(LISTED ENTRIES Opens)

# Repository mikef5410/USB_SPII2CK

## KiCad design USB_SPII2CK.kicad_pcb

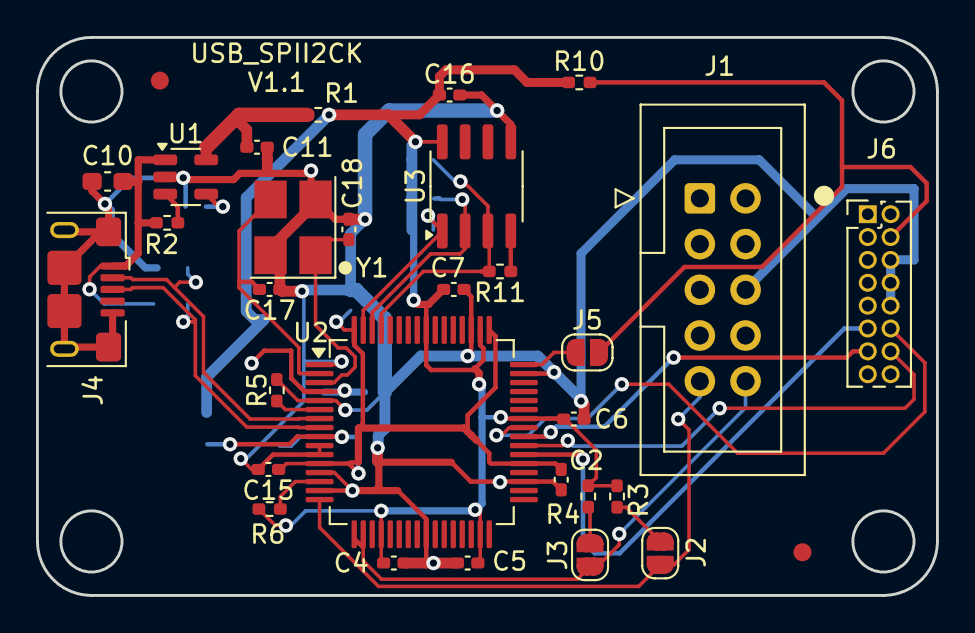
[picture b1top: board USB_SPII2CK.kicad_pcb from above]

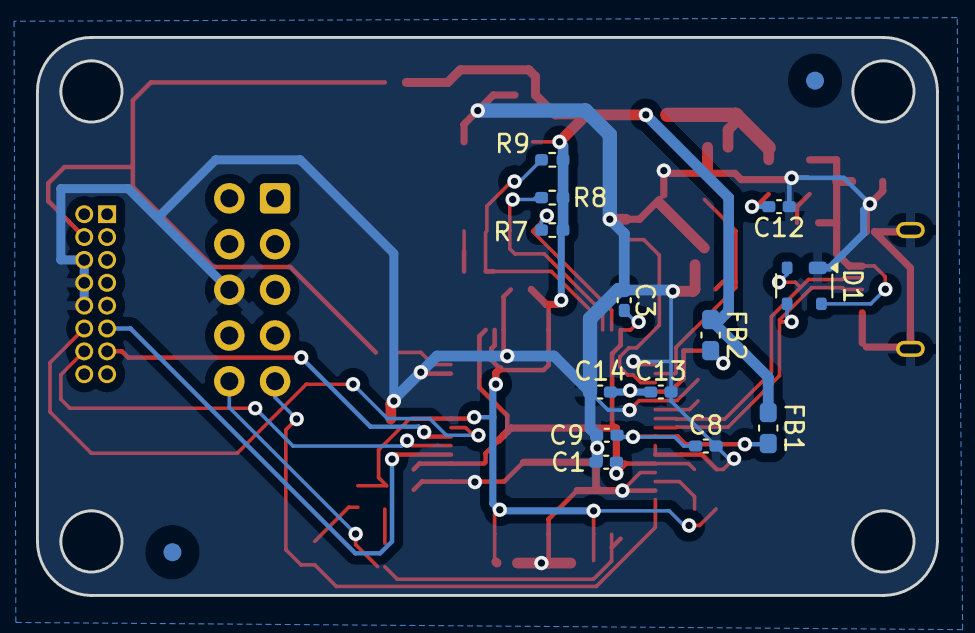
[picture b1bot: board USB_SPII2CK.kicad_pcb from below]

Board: 2 copper layers, 50.0 x 31.0 mm, 46 parts (15 on the bottom side), 29 nets.

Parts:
C1, C2, C3, C4, C5, C6, C7, C9, C12, C14, C16: 0.1u; C_0402_1005Metric_Pad0.74x0.62mm_HandSolder
C8, C13, C15: 3.3u; C_0402_1005Metric_Pad0.74x0.62mm_HandSolder
C10: 1u; C_0603_1608Metric_Pad1.08x0.95mm_HandSolder
C11: 4.7u; C_0402_1005Metric_Pad0.74x0.62mm_HandSolder
C17, C18: 27pF; C_0402_1005Metric_Pad0.74x0.62mm_HandSolder
D1: PRTR5V0U2X; SOT-143
FB1, FB2: MMZ1608Y102B; C_0603_1608Metric_Pad1.08x0.95mm_HandSolder
FID1, FID2, FID3, FID4: Fiducial; Fiducial_1mm_Mask3mm
J1: Conn_02x05_Odd_Even; IDC-Header_2x05_P2.54mm_Vertical
J2, J3, J5: Conn_01x02; SolderJumper-2_P1.3mm_Open_RoundedPad1.0x1.5mm
J4: USB_B_Micro; USB_Micro-B_Amphenol_10118193-0001LF_Horizontal
J6: Conn_02x08_Odd_Even; PinHeader_2x08_P1.27mm_Vertical
R1: 0; R_0402_1005Metric_Pad0.72x0.64mm_HandSolder
R2, R6, R7, R8, R9, R10: 10k; R_0402_1005Metric_Pad0.72x0.64mm_HandSolder
R3, R4: 5.11k; R_0402_1005Metric_Pad0.72x0.64mm_HandSolder
R5: 12.1k; R_0402_1005Metric_Pad0.72x0.64mm_HandSolder
R11: 2.15k; R_0402_1005Metric_Pad0.72x0.64mm_HandSolder
U1: LP2985-3.3; SOT-23-5
U2: FT2232HL; LQFP-64_10x10mm_P0.5mm
U3: AT93C46DN-SH-T; SOIC-8_3.9x4.9mm_P1.27mm
Y1: 12.00 MHz; Crystal_SMD_SeikoEpson_FA238V-4Pin_3.2x2.5mm_HandSoldering

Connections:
+3.3V: C4.2, C5.2, C6.2, C7.2, C16.1, FB1.1, FB2.1, R1.2, R3.2, R4.2, R6.1, R7.2, R8.2, R9.2, R10.1, U2.20 (VCCIO), U2.31 (VCCIO), U2.42 (VCCIO), U2.50 (VREGIN), U2.56 (VCCIO), U3.8 (VCC)
/I2C_SCL: J1.9, J2.1, U2.16 (ADBUS0)
/I2C_SDA: J1.10, J3.1, U2.17 (ADBUS1), U2.18 (ADBUS2)
/SPI_MISO: J6.13, U2.40 (BDBUS2)
/SPI_MOSI: J6.14, U2.39 (BDBUS1)
/SPI_SCK: J6.11, U2.38 (BDBUS0)
/SPI_SSN: J6.12, U2.41 (BDBUS3)
/USB+: D1.3 (I/O2), J4.3 (D+), U2.8 (DP)
/USB-: D1.2 (I/O1), J4.2 (D-), U2.7 (DM)
/~RESET: J5.2, J6.4, R10.2
GND: C1.1, C2.1, C3.1, C4.1, C5.1, C6.1, C7.1, C8.2, C9.1, C10.1, C11.1, C12.1, C13.2, C14.1, C15.2, C16.2, C17.1, C18.1, D1.1 (GND), J1.6, J4.5 (GND), J4.6 (Shield), J6.6, J6.8, J6.10, R5.1, U1.2 (GND), U2.1 (GND), U2.5 (GND), U2.10 (AGND), U2.11 (GND), U2.13 (TEST), U2.15 (GND), U2.25 (GND), U2.35 (GND), U2.47 (GND), U2.51 (GND), U3.5 (GND), Y1.2, Y1.4
unnamed: J2.2, R3.1
unnamed: J3.2, R4.1
unnamed: J5.1, U2.48 (BCBUS0)
unnamed: C12.2, U1.4 (BP)
unnamed: R2.2, U1.3 (ON/~OFF)
unnamed: C11.2, R1.1, U1.5 (VOUT)
unnamed: R8.1, U2.62 (EECLK), U3.2 (SCLK)
unnamed: R7.1, U2.63 (EECS), U3.1 (CS)
unnamed: R9.1, R11.2, U2.61 (EEDATA), U3.3 (DI)
unnamed: C17.2, U2.2 (OSCI), Y1.3
unnamed: C18.2, U2.3 (OSCO), Y1.1
unnamed: R5.2, U2.6 (REF)
unnamed: C13.1, C14.2, FB2.2, U2.4 (VPHY)
unnamed: C8.1, C9.2, FB1.2, U2.9 (VPLL)
unnamed: C1.2, C2.2, C3.2, C15.1, U2.12 (VCORE), U2.37 (VCORE), U2.49 (VREGOUT), U2.64 (VCORE)
unnamed: R6.2, U2.14 (~RESET)
unnamed: R11.1, U3.4 (DO)
VBUS: C10.2, D1.4 (VCC), J4.1 (VBUS), R2.1, U1.1 (VIN)

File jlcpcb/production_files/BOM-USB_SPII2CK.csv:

Comment,Designator,Footprint,LCSC
4.7u,C11,C_0402_1005Metric_Pad0.74x0.62mm_HandSolder,C106859
27pF,"C17,C18",C_0402_1005Metric_Pad0.74x0.62mm_HandSolder,C107002
MMZ1608Y102B,"FB1,FB2",C_0603_1608Metric_Pad1.08x0.95mm_HandSolder,C114771
LP2985-3.3,U1,SOT-23-5,C129375
USB_B_Micro,J4,USB_Micro-B_Amphenol_10118193-0001LF_Horizontal,C132562
12.1k,R5,R_0402_1005Metric_Pad0.72x0.64mm_HandSolder,C144800
1u,C10,C_0603_1608Metric_Pad1.08x0.95mm_HandSolder,C15849
0,R1,R_0402_1005Metric_Pad0.72x0.64mm_HandSolder,C17168
Conn_02x08_Odd_Even,J6,PinHeader_2x08_P1.27mm_Vertical,C17282974
10k,"R10,R2,R6,R7,R8,R9",R_0402_1005Metric_Pad0.72x0.64mm_HandSolder,C25744
2.15k,R11,R_0402_1005Metric_Pad0.72x0.64mm_HandSolder,C25878
FT2232HL,U2,LQFP-64_10x10mm_P0.5mm,C27882
PRTR5V0U2X,D1,SOT-143,C2827688
5.11k,"R3,R4",R_0402_1005Metric_Pad0.72x0.64mm_HandSolder,C310235
0.1u,"C1,C12,C14,C16,C2,C3,C4,C5,C6,C7,C9",C_0402_1005Metric_Pad0.74x0.62mm_HandSolder,C5142567
Conn_02x05_Odd_Even,J1,IDC-Header_2x05_P2.54mm_Vertical,C5665
AT93C46DN-SH-T,U3,SOIC-8_3.9x4.9mm_P1.27mm,C6499
3.3u,"C13,C15,C8",C_0402_1005Metric_Pad0.74x0.62mm_HandSolder,C695126
12.00 MHz,Y1,Crystal_SMD_SeikoEpson_FA238V-4Pin_3.2x2.5mm_HandSoldering,C9002

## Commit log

2024-07-22 Initial
2024-08-05 Add mechanicals.
2024-08-06 Add a simple bottom half-case.
2024-09-11 Add pdfs
2024-10-08 Update to V1.1 (move R10 out from under connector)
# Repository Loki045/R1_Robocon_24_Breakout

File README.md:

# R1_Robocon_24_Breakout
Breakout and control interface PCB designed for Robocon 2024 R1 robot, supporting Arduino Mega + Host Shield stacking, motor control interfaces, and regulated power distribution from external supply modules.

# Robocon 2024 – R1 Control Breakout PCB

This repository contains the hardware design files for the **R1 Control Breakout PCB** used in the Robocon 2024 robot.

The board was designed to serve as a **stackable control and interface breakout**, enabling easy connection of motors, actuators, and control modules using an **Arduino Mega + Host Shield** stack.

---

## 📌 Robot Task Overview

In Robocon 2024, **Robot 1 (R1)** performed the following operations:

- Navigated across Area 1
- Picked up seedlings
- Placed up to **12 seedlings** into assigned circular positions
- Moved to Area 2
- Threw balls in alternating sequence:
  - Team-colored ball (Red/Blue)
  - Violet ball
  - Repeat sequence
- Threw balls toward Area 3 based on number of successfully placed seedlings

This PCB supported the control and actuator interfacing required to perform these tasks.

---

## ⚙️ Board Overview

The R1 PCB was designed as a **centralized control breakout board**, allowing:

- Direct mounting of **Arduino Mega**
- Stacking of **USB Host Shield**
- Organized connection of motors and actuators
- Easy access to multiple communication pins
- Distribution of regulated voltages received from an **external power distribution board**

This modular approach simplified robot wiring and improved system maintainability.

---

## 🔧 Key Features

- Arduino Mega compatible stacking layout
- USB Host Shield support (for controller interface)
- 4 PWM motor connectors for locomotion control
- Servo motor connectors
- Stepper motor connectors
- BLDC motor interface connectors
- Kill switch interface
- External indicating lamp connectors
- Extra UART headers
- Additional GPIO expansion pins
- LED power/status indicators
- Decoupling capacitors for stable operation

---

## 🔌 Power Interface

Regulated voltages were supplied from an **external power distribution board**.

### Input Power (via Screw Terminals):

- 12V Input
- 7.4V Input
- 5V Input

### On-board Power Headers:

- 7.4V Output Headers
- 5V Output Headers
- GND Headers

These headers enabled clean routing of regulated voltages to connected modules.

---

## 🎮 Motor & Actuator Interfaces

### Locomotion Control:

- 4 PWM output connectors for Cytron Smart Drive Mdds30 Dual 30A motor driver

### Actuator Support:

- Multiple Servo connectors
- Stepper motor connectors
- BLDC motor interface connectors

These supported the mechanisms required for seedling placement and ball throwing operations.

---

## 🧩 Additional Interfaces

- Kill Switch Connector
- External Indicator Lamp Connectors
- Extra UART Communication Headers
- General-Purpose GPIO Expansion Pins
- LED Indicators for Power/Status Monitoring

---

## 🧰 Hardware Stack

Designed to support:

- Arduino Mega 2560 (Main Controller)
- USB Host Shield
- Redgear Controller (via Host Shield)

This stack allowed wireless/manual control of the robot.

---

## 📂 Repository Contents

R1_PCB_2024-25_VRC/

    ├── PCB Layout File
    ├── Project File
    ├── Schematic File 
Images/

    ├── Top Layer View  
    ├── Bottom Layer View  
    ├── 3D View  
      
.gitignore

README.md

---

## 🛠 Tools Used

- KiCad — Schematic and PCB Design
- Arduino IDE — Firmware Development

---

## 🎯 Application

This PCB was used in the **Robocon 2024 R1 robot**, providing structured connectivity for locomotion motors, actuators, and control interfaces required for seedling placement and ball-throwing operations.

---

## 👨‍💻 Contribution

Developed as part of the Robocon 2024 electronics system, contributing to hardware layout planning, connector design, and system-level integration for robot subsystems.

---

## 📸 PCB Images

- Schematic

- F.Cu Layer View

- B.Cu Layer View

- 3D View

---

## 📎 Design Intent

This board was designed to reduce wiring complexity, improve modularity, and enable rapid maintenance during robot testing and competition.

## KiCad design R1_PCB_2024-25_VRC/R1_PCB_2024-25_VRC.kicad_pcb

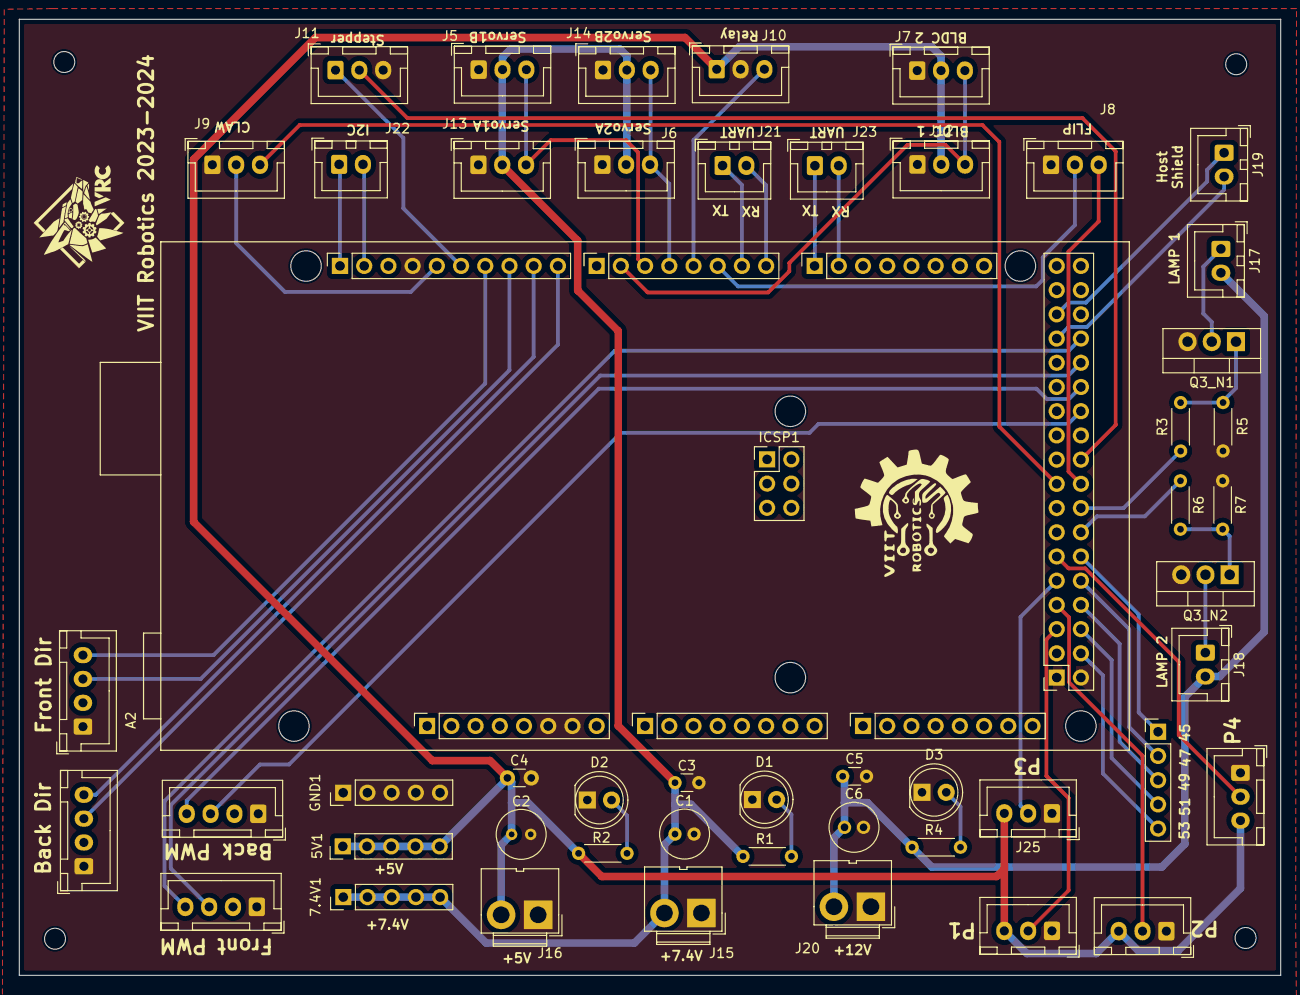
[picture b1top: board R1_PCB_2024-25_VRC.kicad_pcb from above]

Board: 2 copper layers, 132.3 x 100.3 mm, 64 parts (1 on the bottom side), 48 nets.

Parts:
5V1, 7.4V1: Conn_01x05; PinHeader_1x05_P2.54mm_Vertical
., .#2: .; logo
A2: ARDUINO_MEGA_2560_REV3_A000067; ARDUINO_ARDUINO_MEGA_2560_REV3_A000067
C1: 10 mf; C_Radial_D5.0mm_H7.0mm_P2.00mm
C2, C6: 100 nf; C_Radial_D5.0mm_H7.0mm_P2.00mm
C3, C4, C5: 0.1uF; C_Disc_D3.0mm_W1.6mm_P2.50mm
D1, D2, D3: LED; LED_D5.0mm
DIR1: Conn_01x05; PinHeader_1x05_P2.54mm_Vertical
GND1: Conn_01x05; PinHeader_1x05_P2.54mm_Vertical
H1, H2, H3, H4: MountingHole; MountingHole_2.2mm_M2
ICSP1: Conn_02x03_Odd_Even; PinHeader_2x03_P2.54mm_Vertical
J1, J2#2: FRONT; JST_XH_B4B-XH-A_1x04_P2.50mm_Vertical
J1#2: Power; PinSocket_1x08_P2.54mm_Vertical
J2: PWM; PinSocket_1x10_P2.54mm_Vertical
J3, J4#2: BACK; JST_XH_B4B-XH-A_1x04_P2.50mm_Vertical
J3#2, J5: Analog; PinSocket_1x08_P2.54mm_Vertical
J4: PWM; PinSocket_1x08_P2.54mm_Vertical
J5#2, J6#2, J7#2, J8, J9, J10, J11, J12, J13, J14, J24, J25, J26, J27: Conn_01x03; JST_XH_B3B-XH-A_1x03_P2.50mm_Vertical
J6: Communication; PinSocket_1x08_P2.54mm_Vertical
J7: Digital; PinSocket_2x18_P2.54mm_Vertical
J15, J16, J20: Conn_01x02; JWT_A3963_1x02_P3.96mm_Vertical
J17, J18, J19, J21, J22, J23: Conn_01x02; JST_XH_B2B-XH-A_1x02_P2.50mm_Vertical
Q3_N1, Q3_N2: IRF3205; TO-220-3_Vertical
R1, R4: 360; R_Axial_DIN0204_L3.6mm_D1.6mm_P5.08mm_Horizontal
R2: 220; R_Axial_DIN0204_L3.6mm_D1.6mm_P5.08mm_Horizontal
R3, R5, R6, R7: R; R_Axial_DIN0204_L3.6mm_D1.6mm_P5.08mm_Horizontal

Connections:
45: A2.45, DIR1.1, J7.12
47: A2.47, DIR1.2, J7.10
49: A2.49, DIR1.3, J7.8
51: A2.51, DIR1.4, J7.6
53: A2.53, DIR1.5, J7.4
+5V: 5V1.1, 5V1.2, 5V1.3, 5V1.4, 5V1.5, C2.1, C4.1, J7.35, J7.36, J7#2.2, J10.1, J12.2, J16.2, J24.3, J25.3, J26.3, J27.3, R2.2
+7.4V: 7.4V1.1, 7.4V1.2, 7.4V1.3, 7.4V1.4, 7.4V1.5, C1.1, C3.1, J5#2.2, J6#2.2, J13.2, J14.2, J15.2, R1.2
+12V: C5.1, C6.1, J17.2, J18.2, J20.2, R4.2
BL_AN1: A2.8, J2.10, J3.3
BL_IN1: A2.33, J4#2.3, J7.21
BR_AN2: A2.9, J2.9, J3.4
BR_IN2: A2.31, J4#2.4, J7.23
CLAW_DIR: A2.38, J7.17, J9.3
CLAW_PWM: A2.13, J2.5, J9.2
ESC_PWM: A2.6, J4.2, J7#2.3, J12.3
FLIP_DIR: A2.39, J7.18, J8.3
FLIP_PWM: A2.2, J4.6, J8.2
FL_AN1: A2.10, J1.3, J2.8
FL_IN1: A2.29, J2#2.3, J7.25
FR_AN2: A2.11, J1.4, J2.7
FR_IN2: A2.27, J2#2.4, J7.27
GND: A2.GND1, A2.GND2, A2.GND3, A2.GND4, A2.GND5, C1.2, C2.2, C3.2, C4.2, C5.2, C6.2, D1.1 (K), D2.1 (K), D3.1 (K), GND1.1, GND1.2, GND1.3, GND1.4, GND1.5, J1.1, J1#2.6, J1#2.7, J2.4, J2#2.1, J3.1, J4#2.1, J5#2.1, J6#2.1, J7.1, J7.2, J7#2.1, J8.1, J9.1, J10.2, J11.3, J12.1, J13.1, J14.1, J15.1, J16.1, J20.1, J24.1, J25.1, J26.1, J27.1, Q3_N1.3 (S), Q3_N2.3 (S), R5.1, R7.1
INT: A2.26, J7.29, J19.2
LED_DIR1: A2.41, J7.16, R3.1
LED_DIR2: A2.43, J7.14, R6.1
unnamed: D1.2 (A), R1.1
unnamed: D2.2 (A), R2.1
unnamed: D3.2 (A), R4.1
unnamed: J17.1, Q3_N1.2 (D)
unnamed: J18.1, Q3_N2.2 (D)
unnamed: Q3_N1.1 (G), R3.2, R5.2
unnamed: Q3_N2.1 (G), R6.2, R7.2
P1: A2.50, J7.5, J24.2
P2: A2.48, J7.7, J26.2
P3: A2.46, J7.9, J25.2
P4: A2.44, J7.11, J27.2
RELAY_IN: A2.3, J4.5, J10.3
RX0: A2.0, J4.8, J21.2
RX3: A2.15, J6.2, J23.2
SCL: A2.SCL, J2.1, J6.8, J22.1
SDA: A2.SDA, J2.2, J6.7, J22.2
SS: A2.24, J7.31, J19.1
STEPPER_DIR: A2.37, J7.20, J11.2
STEPPER_PULSE: A2.12, J2.6, J11.1
TX0: A2.1, J4.7, J21.1
TX3: A2.14, J6.1, J23.1
~SERVO1: A2.5, J4.3, J5#2.3, J13.3
~SERVO2: A2.4, J4.4, J6#2.3, J14.3

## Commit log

2026-04-18 R1 Breakout 2024 Kicad Project setup
2026-04-18 Add PCB images

(LISTED ENTRIES Closes)

REQUIRED ACTION> Here the job is to set down exactly the lines of the material above that fall between the one with "unnamed: J5.1, U2.48 (BCBUS0)" and the one with "12.1k,R5,R_0402_1005Metric_Pad0.72x0.64mm_HandSolder,C144800", inclusive, and nothing beyond them.

EXERCISE OUTPUT>
unnamed: J5.1, U2.48 (BCBUS0)
unnamed: C12.2, U1.4 (BP)
unnamed: R2.2, U1.3 (ON/~OFF)
unnamed: C11.2, R1.1, U1.5 (VOUT)
unnamed: R8.1, U2.62 (EECLK), U3.2 (SCLK)
unnamed: R7.1, U2.63 (EECS), U3.1 (CS)
unnamed: R9.1, R11.2, U2.61 (EEDATA), U3.3 (DI)
unnamed: C17.2, U2.2 (OSCI), Y1.3
unnamed: C18.2, U2.3 (OSCO), Y1.1
unnamed: R5.2, U2.6 (REF)
unnamed: C13.1, C14.2, FB2.2, U2.4 (VPHY)
unnamed: C8.1, C9.2, FB1.2, U2.9 (VPLL)
unnamed: C1.2, C2.2, C3.2, C15.1, U2.12 (VCORE), U2.37 (VCORE), U2.49 (VREGOUT), U2.64 (VCORE)
unnamed: R6.2, U2.14 (~RESET)
unnamed: R11.1, U3.4 (DO)
VBUS: C10.2, D1.4 (VCC), J4.1 (VBUS), R2.1, U1.1 (VIN)

File jlcpcb/production_files/BOM-USB_SPII2CK.csv:

Comment,Designator,Footprint,LCSC
4.7u,C11,C_0402_1005Metric_Pad0.74x0.62mm_HandSolder,C106859
27pF,"C17,C18",C_0402_1005Metric_Pad0.74x0.62mm_HandSolder,C107002
MMZ1608Y102B,"FB1,FB2",C_0603_1608Metric_Pad1.08x0.95mm_HandSolder,C114771
LP2985-3.3,U1,SOT-23-5,C129375
USB_B_Micro,J4,USB_Micro-B_Amphenol_10118193-0001LF_Horizontal,C132562
12.1k,R5,R_0402_1005Metric_Pad0.72x0.64mm_HandSolder,C144800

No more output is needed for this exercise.